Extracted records
* * * * * * * * *

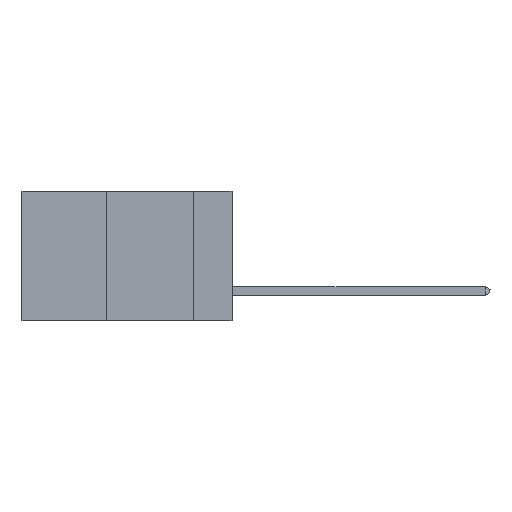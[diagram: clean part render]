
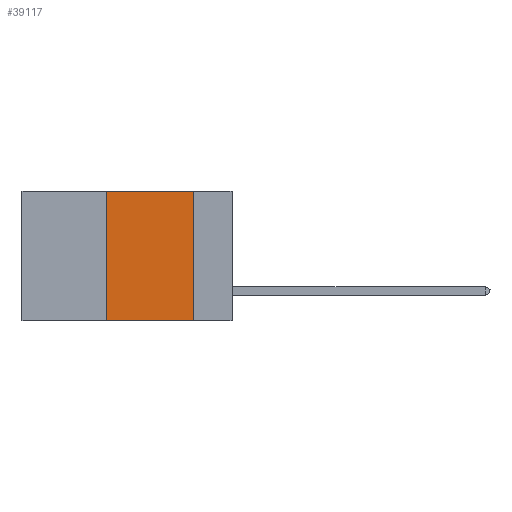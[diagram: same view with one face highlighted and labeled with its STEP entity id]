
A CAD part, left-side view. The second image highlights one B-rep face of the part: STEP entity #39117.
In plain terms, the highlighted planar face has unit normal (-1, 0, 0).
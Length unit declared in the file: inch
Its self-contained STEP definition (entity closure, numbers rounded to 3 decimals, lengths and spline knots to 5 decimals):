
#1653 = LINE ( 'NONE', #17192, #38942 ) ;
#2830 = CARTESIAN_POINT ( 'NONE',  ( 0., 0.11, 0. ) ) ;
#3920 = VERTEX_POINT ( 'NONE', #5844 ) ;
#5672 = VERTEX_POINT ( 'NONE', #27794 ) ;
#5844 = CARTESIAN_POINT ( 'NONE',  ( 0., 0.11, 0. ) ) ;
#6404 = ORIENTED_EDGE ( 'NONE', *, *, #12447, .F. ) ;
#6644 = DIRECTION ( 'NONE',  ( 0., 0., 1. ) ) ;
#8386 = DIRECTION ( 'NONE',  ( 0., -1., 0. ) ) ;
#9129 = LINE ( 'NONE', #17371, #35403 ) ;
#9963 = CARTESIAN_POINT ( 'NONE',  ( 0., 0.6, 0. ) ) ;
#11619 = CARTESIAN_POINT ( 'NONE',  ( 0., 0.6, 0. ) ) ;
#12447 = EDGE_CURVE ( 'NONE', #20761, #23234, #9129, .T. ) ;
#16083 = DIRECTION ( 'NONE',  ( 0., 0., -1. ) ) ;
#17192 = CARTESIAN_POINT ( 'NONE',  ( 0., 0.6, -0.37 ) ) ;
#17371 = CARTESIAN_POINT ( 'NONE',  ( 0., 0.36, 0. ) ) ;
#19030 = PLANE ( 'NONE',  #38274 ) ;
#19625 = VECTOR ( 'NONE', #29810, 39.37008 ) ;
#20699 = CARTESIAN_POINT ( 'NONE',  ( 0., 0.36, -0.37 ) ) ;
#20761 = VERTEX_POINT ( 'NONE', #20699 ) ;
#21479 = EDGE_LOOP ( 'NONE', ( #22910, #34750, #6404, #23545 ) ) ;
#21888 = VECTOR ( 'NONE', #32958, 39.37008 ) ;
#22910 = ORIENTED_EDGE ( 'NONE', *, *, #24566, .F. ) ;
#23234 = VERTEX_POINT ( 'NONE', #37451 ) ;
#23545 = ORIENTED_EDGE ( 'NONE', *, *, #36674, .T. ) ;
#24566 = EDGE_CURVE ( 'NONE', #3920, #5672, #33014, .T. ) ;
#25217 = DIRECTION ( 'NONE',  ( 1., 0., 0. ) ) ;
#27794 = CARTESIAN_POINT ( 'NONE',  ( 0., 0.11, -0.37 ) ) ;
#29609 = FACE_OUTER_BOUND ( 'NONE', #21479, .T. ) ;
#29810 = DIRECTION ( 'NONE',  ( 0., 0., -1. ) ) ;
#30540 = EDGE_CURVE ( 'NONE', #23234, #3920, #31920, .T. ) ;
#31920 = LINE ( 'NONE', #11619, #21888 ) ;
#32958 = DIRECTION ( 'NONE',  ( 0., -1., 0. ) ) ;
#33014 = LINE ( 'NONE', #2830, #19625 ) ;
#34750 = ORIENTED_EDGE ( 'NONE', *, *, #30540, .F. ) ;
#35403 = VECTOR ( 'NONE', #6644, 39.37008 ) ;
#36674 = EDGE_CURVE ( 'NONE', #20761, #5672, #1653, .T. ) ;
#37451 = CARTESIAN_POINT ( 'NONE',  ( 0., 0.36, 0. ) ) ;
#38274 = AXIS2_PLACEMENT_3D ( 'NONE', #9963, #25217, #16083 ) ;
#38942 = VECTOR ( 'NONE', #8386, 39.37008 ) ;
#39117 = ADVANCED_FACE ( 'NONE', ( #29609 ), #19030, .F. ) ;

* * * * * * * * *

Your goal: Set down, word for word, every line from the line that holds "#23545 = ORIENTED_EDGE" to the end of the entries above, including both ends.

Your response:
#23545 = ORIENTED_EDGE ( 'NONE', *, *, #36674, .T. ) ;
#24566 = EDGE_CURVE ( 'NONE', #3920, #5672, #33014, .T. ) ;
#25217 = DIRECTION ( 'NONE',  ( 1., 0., 0. ) ) ;
#27794 = CARTESIAN_POINT ( 'NONE',  ( 0., 0.11, -0.37 ) ) ;
#29609 = FACE_OUTER_BOUND ( 'NONE', #21479, .T. ) ;
#29810 = DIRECTION ( 'NONE',  ( 0., 0., -1. ) ) ;
#30540 = EDGE_CURVE ( 'NONE', #23234, #3920, #31920, .T. ) ;
#31920 = LINE ( 'NONE', #11619, #21888 ) ;
#32958 = DIRECTION ( 'NONE',  ( 0., -1., 0. ) ) ;
#33014 = LINE ( 'NONE', #2830, #19625 ) ;
#34750 = ORIENTED_EDGE ( 'NONE', *, *, #30540, .F. ) ;
#35403 = VECTOR ( 'NONE', #6644, 39.37008 ) ;
#36674 = EDGE_CURVE ( 'NONE', #20761, #5672, #1653, .T. ) ;
#37451 = CARTESIAN_POINT ( 'NONE',  ( 0., 0.36, 0. ) ) ;
#38274 = AXIS2_PLACEMENT_3D ( 'NONE', #9963, #25217, #16083 ) ;
#38942 = VECTOR ( 'NONE', #8386, 39.37008 ) ;
#39117 = ADVANCED_FACE ( 'NONE', ( #29609 ), #19030, .F. ) ;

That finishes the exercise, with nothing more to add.